Think yourself lucky you're not marrying him or you'd have a lifetime of misery and poverty! Remember you can choose your friends........


----------



## Dubcat (Jun 10, 2002)

Sounds like a right twat. Why would you choose to be friends with this guy? His redeeming qualities would have to be exceptional! Please do share them.

phoTToniq


----------



## Dotti (Mar 9, 2003)

Are you still as friendly with him after this debate? :-/


----------



## Major Audi Parts Guru (May 7, 2002)

> I'd keep the 50% you were going to spend on the cost of the suit and save all the money you were going to spend on a gift, give the wedding a miss and go out and have a jolly good piss up! ;D


I totally agree ;D tell yer mate where he can poke his suit


----------



## ^outt^kast^ (Jun 7, 2002)

mmmmm.......is it just me who likes tight c*nts ?

If I was you i'd just conveniently forget his wedding .....and go on a holiday instead


----------



## vagman (Sep 6, 2002)

Hey Chip, yer mate seems positively generous compared to us Scots. 

This thread reminds me of a bloke I know who dropped a 10p piece and it hit him on the back of the head on the way down. ;D


----------



## pgm (May 7, 2002)

> Hey Chip, yer mate seems positively generous compared to us Scots.
> 
> This thread reminds me of a bloke I know who dropped a 10p piece and it hit him on the back of the head on the way down. ;D


LOL ;D

Weddings in general are a pisstake. I [email protected]*ing hate them! Mercenary bastards who are only interested in the presents.
You sit there watching two people gibbering on about til death do us part, next thing you know they're getting divorced! Well they should give back the presents with interest! Tossers! 
Bugger them, as suggested go on holiday, enjoy yourself and leave the sausage rolls and crab paste sandwichs behind!

PS I'm not married


----------



## vlastan (May 6, 2002)

Hey chip...did you say you are Italian?

Take the wedding to Italy and there is no need for the groom to provide any kind of clothing to the guests!!


----------



## chip (Dec 24, 2002)

> Hey chip...did you say you are Italian?


Italian!!! where did you get that from? ??? ??? If you saw a picture of me, you can understand why i'm pissing with laughter right now  
My bruv-in-law is a ***, but that's the nearest Italian connection!

Looking at the responses, I'm very tempted with the holiday option!


----------



## vlastan (May 6, 2002)

Sorry chip...I think I confused you with another forum member that comes from Italy.

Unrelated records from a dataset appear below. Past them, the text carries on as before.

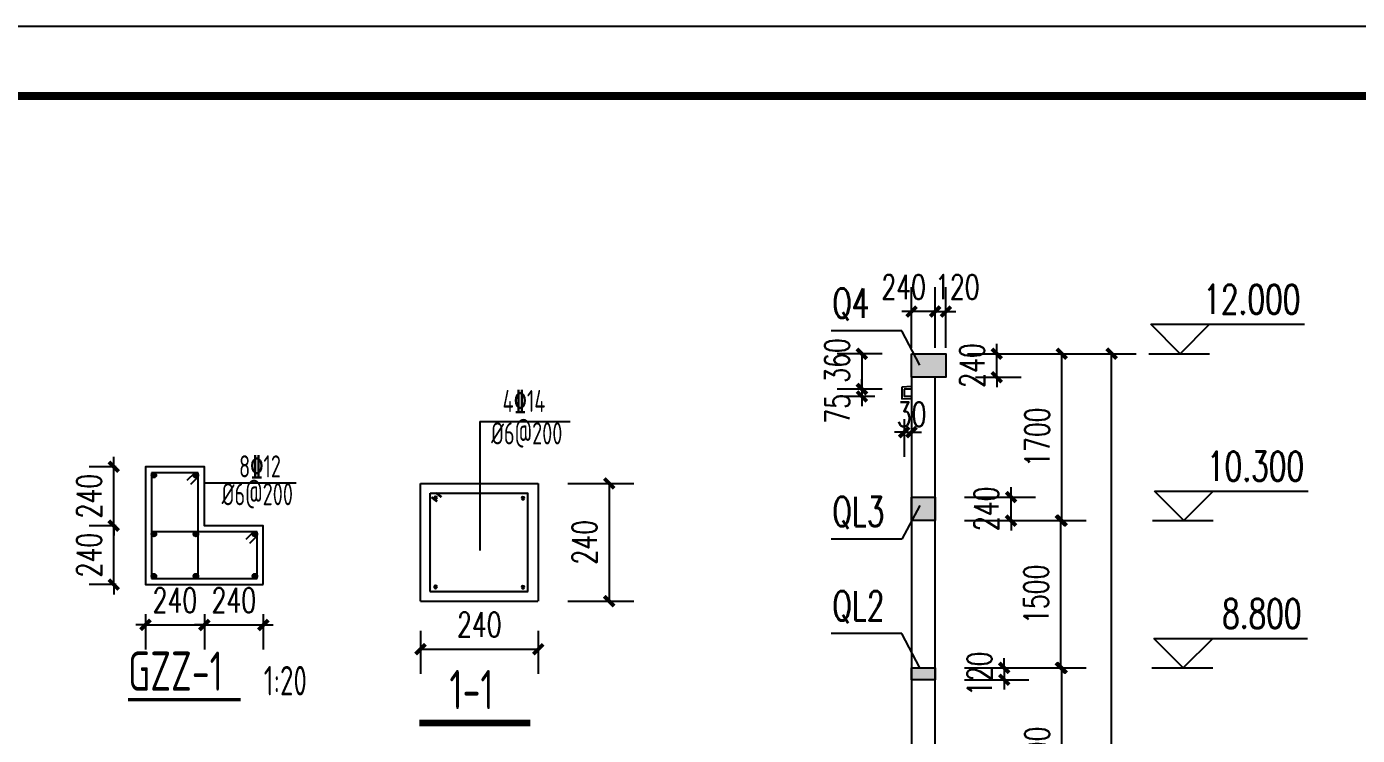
# Model space of a CAD drawing. Extents: x -89996 to 1006241, y -2176 to 440573.
# Drawn here: x 607205 to 634315, y 158158 to 172594 of the extents above; entities that cross this region are included whole.
import ezdxf

# ---------------------------------------------------------------- set-up
doc = ezdxf.new("R2010")
doc.units = 0
doc.header["$LTSCALE"] = 1000
doc.header["$MEASUREMENT"] = 0
doc.linetypes.add('207', pattern=[0])
for name, color, linetype in [('8', 3, 'Continuous'), ('AXIS', 3, 'Continuous'), ('AXIS_DIM', 3, 'Continuous'), ('BOLT', 251, 'Continuous'), ('DIM_LEAD', 3, 'Continuous'), ('DIM_SYMB', 3, 'Continuous'), ('FZX', 31, 'Continuous'), ('PUB_TEXT', 7, 'Continuous'), ('PUB_TITLE', 4, 'Continuous'), ('STPM_RBEAM_NUM', 7, 'Continuous'), ('WALL', 9, 'Continuous'), ('钢筋', 1, 'Continuous')]:
    doc.layers.add(name, color=color, linetype=linetype)
doc.styles.add('_TCH_DIM', font='SIMPLEX', dxfattribs={"bigfont": 'GBCBIG'})
doc.styles.add('_TCH_DIM_T3', font='SIMPLEX', dxfattribs={"width": 0.705882, "bigfont": 'GBCBIG'})
doc.styles.add('TSSD_Dimension', font='Tssdeng.shx', dxfattribs={"width": 0.8, "bigfont": 'hztxt.shx'})
doc.styles.add('TSSD_Label', font='tssdeng.shx', dxfattribs={"width": 0.7, "bigfont": 'hztxt.shx'})
doc.dimstyles.new('TCH-200-10', dxfattribs={"dimtxt": 500, "dimasz": 200, "dimexe": 500, "dimexo": 600, "dimgap": 252.5, "dimtad": 1, "dimdec": 0, "dimlfac": 0.1, "dimzin": 0, "dimdsep": 46, "dimtxsty": '_TCH_DIM_T3', "dimblk": 'ARCHTICK', "dimcen": 0.09, "dimclrd": 124, "dimclre": 124, "dimclrt": 7, "dimazin": 2, "dimtfac": 1, "dimtdec": 0, "dimtix": 1, "dimtmove": 2, "dimatfit": 3, "dimfxl": 0, "dimtolj": 1, "dimtzin": 0, "dimarcsym": 0})
doc.dimstyles.new('TCH-200-2', dxfattribs={"dimtxt": 500, "dimasz": 200, "dimexe": 500, "dimexo": 600, "dimgap": 252.5, "dimtad": 1, "dimdec": 0, "dimlfac": 0.5, "dimzin": 0, "dimdsep": 46, "dimtxsty": '_TCH_DIM_T3', "dimblk": 'ARCHTICK', "dimcen": 0.09, "dimclrd": 124, "dimclre": 124, "dimclrt": 7, "dimazin": 2, "dimtfac": 1, "dimtdec": 0, "dimtix": 1, "dimtmove": 2, "dimatfit": 3, "dimfxl": 0, "dimtolj": 1, "dimtzin": 0, "dimarcsym": 0})

# ---------------------------------------------------------------- blocks, each defined once
blk = doc.blocks.new('_ArchTick')
at = {"color": 0, "linetype": 'ByBlock', "const_width": 0.4}
blk.add_lwpolyline([(-0.5, -0.5), (0.5, 0.5)], dxfattribs=at)
blk = doc.blocks.new('*D828')
at = {"layer": 'AXIS_DIM', "color": 124, "lineweight": -2, "transparency": 16777216}
for p, q in [((609027, 162429), (608480, 162429)), ((608980, 162429), (608980, 162629)), ((608980, 161229), (608980, 162429)), ((609027, 161229), (608480, 161229)), ((608980, 161229), (608980, 161029))]:
    blk.add_line(p, q, dxfattribs=at)
at = {"layer": 'Defpoints', "color": 0, "transparency": 16777216}
for p in [(608980, 162429), (609627, 162429), (609627, 161229)]:
    blk.add_point(p, dxfattribs=at)
at = {"layer": 'AXIS_DIM', "color": 124, "lineweight": -2, "transparency": 16777216, "xscale": 200, "yscale": 200, "zscale": 200}
for p, rotation in [((608980, 162429), 270), ((608980, 161229), 90)]:
    blk.add_blockref('_ArchTick', p, dxfattribs=dict(at, rotation=rotation))
at = {"layer": 'AXIS_DIM', "color": 7, "transparency": 16777216, "insert": (608478, 161829), "char_height": 500, "attachment_point": 5, "rotation": 90, "style": '_TCH_DIM_T3'}
blk.add_mtext('\\A1;240', dxfattribs=at)
blk = doc.blocks.new('*D829')
at = {"layer": 'AXIS_DIM', "color": 124, "lineweight": -2, "transparency": 16777216}
for p, q in [((608980, 163629), (608980, 163829)), ((609027, 163629), (608480, 163629)), ((608980, 162429), (608980, 163629)), ((609027, 162429), (608480, 162429)), ((608980, 162429), (608980, 162229))]:
    blk.add_line(p, q, dxfattribs=at)
at = {"layer": 'Defpoints', "color": 0, "transparency": 16777216}
for p in [(608980, 163629), (609627, 163629), (609627, 162429)]:
    blk.add_point(p, dxfattribs=at)
at = {"layer": 'AXIS_DIM', "color": 124, "lineweight": -2, "transparency": 16777216, "xscale": 200, "yscale": 200, "zscale": 200}
for p, rotation in [((608980, 163629), 270), ((608980, 162429), 90)]:
    blk.add_blockref('_ArchTick', p, dxfattribs=dict(at, rotation=rotation))
at = {"layer": 'AXIS_DIM', "color": 7, "transparency": 16777216, "insert": (608478, 163029), "char_height": 500, "attachment_point": 5, "rotation": 90, "style": '_TCH_DIM_T3'}
blk.add_mtext('\\A1;240', dxfattribs=at)
blk = doc.blocks.new('*D830')
at = {"layer": 'AXIS_DIM', "color": 124, "lineweight": -2, "transparency": 16777216}
for p, q in [((609627, 160629), (609627, 159907)), ((610827, 160629), (610827, 159907)), ((609627, 160407), (609427, 160407)), ((609627, 160407), (610827, 160407)), ((610827, 160407), (611027, 160407))]:
    blk.add_line(p, q, dxfattribs=at)
at = {"layer": 'Defpoints', "color": 0, "transparency": 16777216}
for p in [(609627, 161229), (610827, 161229), (610827, 160407)]:
    blk.add_point(p, dxfattribs=at)
at = {"layer": 'AXIS_DIM', "color": 124, "lineweight": -2, "transparency": 16777216, "xscale": 200, "yscale": 200, "zscale": 200}
blk.add_blockref('_ArchTick', (609627, 160407), dxfattribs=at)
at = {"layer": 'AXIS_DIM', "color": 124, "lineweight": -2, "transparency": 16777216, "xscale": 200, "yscale": 200, "zscale": 200, "rotation": 180}
blk.add_blockref('_ArchTick', (610827, 160407), dxfattribs=at)
at = {"layer": 'AXIS_DIM', "color": 7, "transparency": 16777216, "insert": (610227, 160910), "char_height": 500, "attachment_point": 5, "style": '_TCH_DIM_T3'}
blk.add_mtext('\\A1;240', dxfattribs=at)
blk = doc.blocks.new('*D831')
at = {"layer": 'AXIS_DIM', "color": 124, "lineweight": -2, "transparency": 16777216}
for p, q in [((610827, 160629), (610827, 159907)), ((612027, 160629), (612027, 159907)), ((610827, 160407), (610627, 160407)), ((610827, 160407), (612027, 160407)), ((612027, 160407), (612227, 160407))]:
    blk.add_line(p, q, dxfattribs=at)
at = {"layer": 'Defpoints', "color": 0, "transparency": 16777216}
for p in [(610827, 161229), (612027, 161229), (612027, 160407)]:
    blk.add_point(p, dxfattribs=at)
at = {"layer": 'AXIS_DIM', "color": 124, "lineweight": -2, "transparency": 16777216, "xscale": 200, "yscale": 200, "zscale": 200}
blk.add_blockref('_ArchTick', (610827, 160407), dxfattribs=at)
at = {"layer": 'AXIS_DIM', "color": 124, "lineweight": -2, "transparency": 16777216, "xscale": 200, "yscale": 200, "zscale": 200, "rotation": 180}
blk.add_blockref('_ArchTick', (612027, 160407), dxfattribs=at)
at = {"layer": 'AXIS_DIM', "color": 7, "transparency": 16777216, "insert": (611427, 160910), "char_height": 500, "attachment_point": 5, "style": '_TCH_DIM_T3'}
blk.add_mtext('\\A1;240', dxfattribs=at)
blk = doc.blocks.new('*D853')
at = {"layer": 'AXIS_DIM', "color": 124, "lineweight": -2, "transparency": 16777216}
for p, q in [((618228, 163290), (619574, 163290)), ((619074, 163290), (619074, 160890)), ((618228, 160890), (619574, 160890))]:
    blk.add_line(p, q, dxfattribs=at)
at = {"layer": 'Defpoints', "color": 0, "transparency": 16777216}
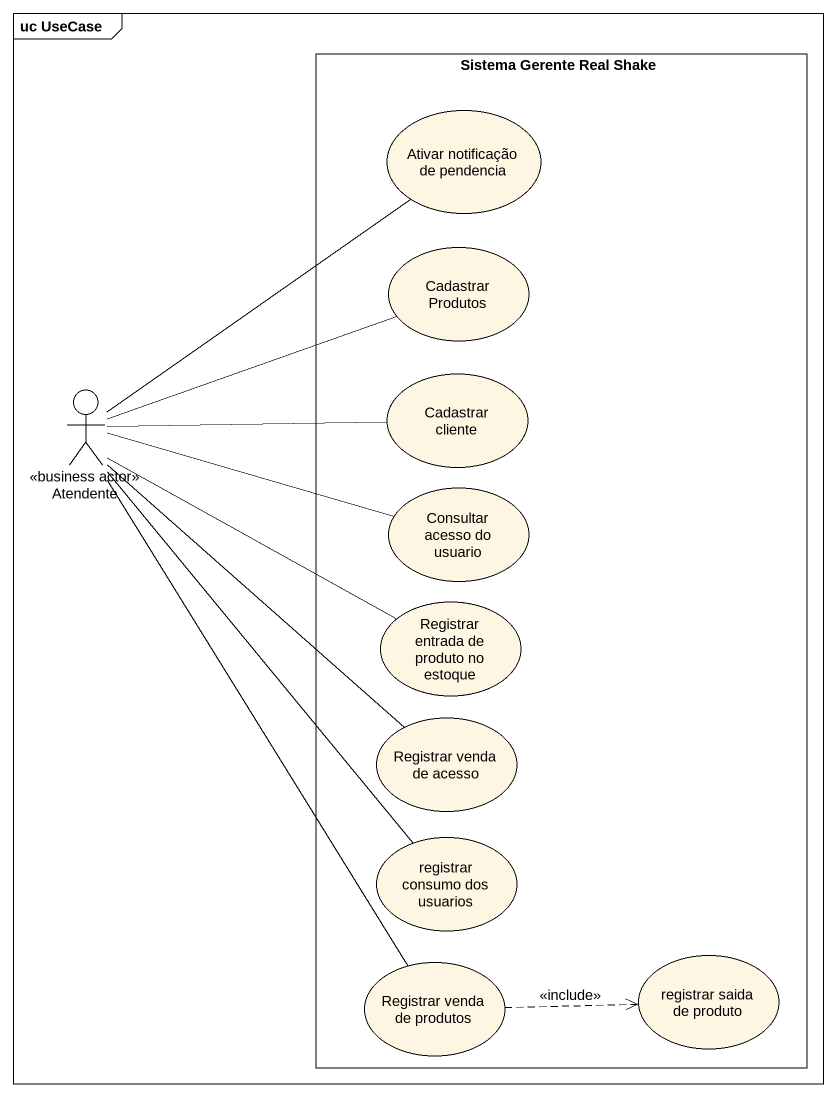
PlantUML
@startuml
mainframe uc UseCase
rectangle "Sistema Gerente Real Shake" as Sistema_Gerente_Real_Shake {
  usecase "Ativar notificação de pendencia" as Ativar_notificação_de
  usecase "Cadastrar Produtos" as Cadastrar_Produtos
  usecase "Cadastrar cliente" as Cadastrar_cliente
  usecase "Consultar acesso do usuario" as Consultar_acesso_do_usuario
  usecase "Registrar entrada de produto no estoque" as Registrar_entrada_de
  usecase "Registrar venda de acesso" as Registrar_venda_de_acesso
  usecase "registrar consumo dos usuarios" as registrar_consumo_dos
  usecase "Registrar venda de produtos" as Registrar_venda_de_produtos
  usecase "registrar saida de produto" as registrar_saida_de_produto
}
actor Atendente <<business actor>>
Atendente -up- Ativar_notificação_de
Atendente -right- Cadastrar_Produtos
Atendente -right- Cadastrar_cliente
Atendente -right- Consultar_acesso_do_usuario
Atendente -right- Registrar_entrada_de
Atendente -- Registrar_venda_de_acesso
Atendente -- registrar_consumo_dos
Atendente -- Registrar_venda_de_produtos
Registrar_venda_de_produtos .right.> registrar_saida_de_produto : <<include>>
@enduml
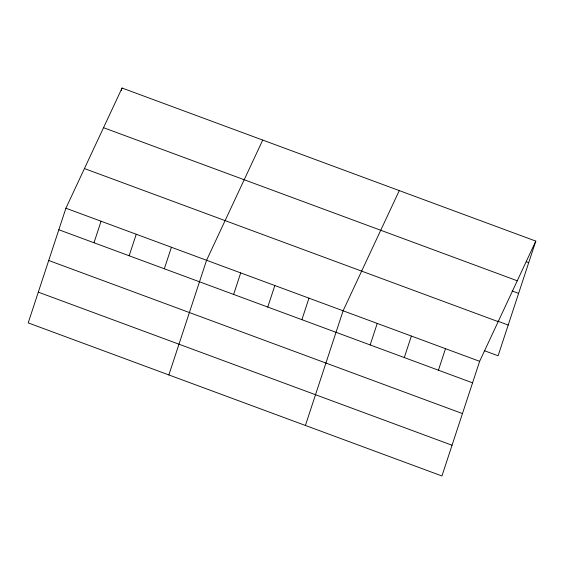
<?xml version="1.0" encoding="UTF-8"?>
<svg xmlns="http://www.w3.org/2000/svg" width="564" height="564" viewBox="0 0 564 564"><rect width="100%" height="100%" fill="white"/><g stroke="black" fill="none" stroke-linecap="round" stroke-linejoin="round"><path stroke-width="0.85" d="M65.903 208.222L28.2 322.89L441.936 475.974L479.64 361.312L535.8 241.11L122.064 88.026L65.903 208.222L479.64 361.312M121.246 90.508L122.064 88.026M93.991 242.76L101.069 221.236M129.163 255.767L136.234 234.25M164.328 268.781L171.407 247.258M168.869 374.94L206.572 260.272L262.732 140.069M233.63 294.422L240.701 272.898M267.759 307.056L274.837 285.532M301.895 319.682L308.973 298.159M305.406 425.46L343.102 310.792L399.27 190.59M370.16 344.942L377.238 323.419M404.296 357.569L411.367 336.052M438.425 370.203L445.504 348.679M535.8 241.11L498.097 355.778L484.286 350.667M526.282 261.731L528.722 262.634M103.529 127.69L517.266 280.773M512.119 290.968L518.619 293.372M497.638 321.127L508.206 325.04M84.431 168.558L498.174 321.642M58.825 229.745L472.561 382.829M48.715 260.483L462.459 413.567M38.303 292.152L452.046 445.236"/></g></svg>

The Italian chap is pass55.


----------



## Dubcat (Jun 10, 2002)

Chip - how does one NOT look italian exactly?


----------



## chip (Dec 24, 2002)

> Chip - how does one NOT look italian exactly?


quite easy if your all descendents originates from the Asian continent..


----------



## garyc (May 7, 2002)

> Hey Chip, yer mate seems positively generous compared to us Scots.
> 
> This thread reminds me of a bloke I know who dropped a 10p piece and it hit him on the back of the head on the way down. ;D


Class ;D

In answer to your flame I think you have no alternative but to wear jeans with bleached thighs'n'arse, a polyester track suit top with three silly stripes down the arms, a wooly hat, grown a goaty, and wear plimsolls.

He'll get the message.

Failing that Kell knows a place to hire dodgy wedding suits - he may do you a deal.

Personally I wouldn't fucking go - but then I hate weddings.


----------



## Dubcat (Jun 10, 2002)

> quite easy if your all descendents originates from the Asian continent..


That does not stop you looking Italian man! They will think you are Sicillian. I am assuming you mean South East Asia...


----------



## Wax_wizard (May 9, 2002)

you pay the usher outfit and ask him to buy you a swissol wax kit so that you can come to the wedding in a shiney car! See what he says about that idea.


----------



## chip (Dec 24, 2002)

Wax

my next flame will be unwarranted sales pitch in the Flame room! 

but if you give me 50% discount, u may have a deal.....


----------



## Dubcat (Jun 10, 2002)

> Wax
> 
> my next flame will be unwarranted sales pitch in the Flame room!
> 
> but if you give me 50% discount, u may have a deal.....


Definitely DESI! Looking for DISCOUNT!  Shaabash mate


----------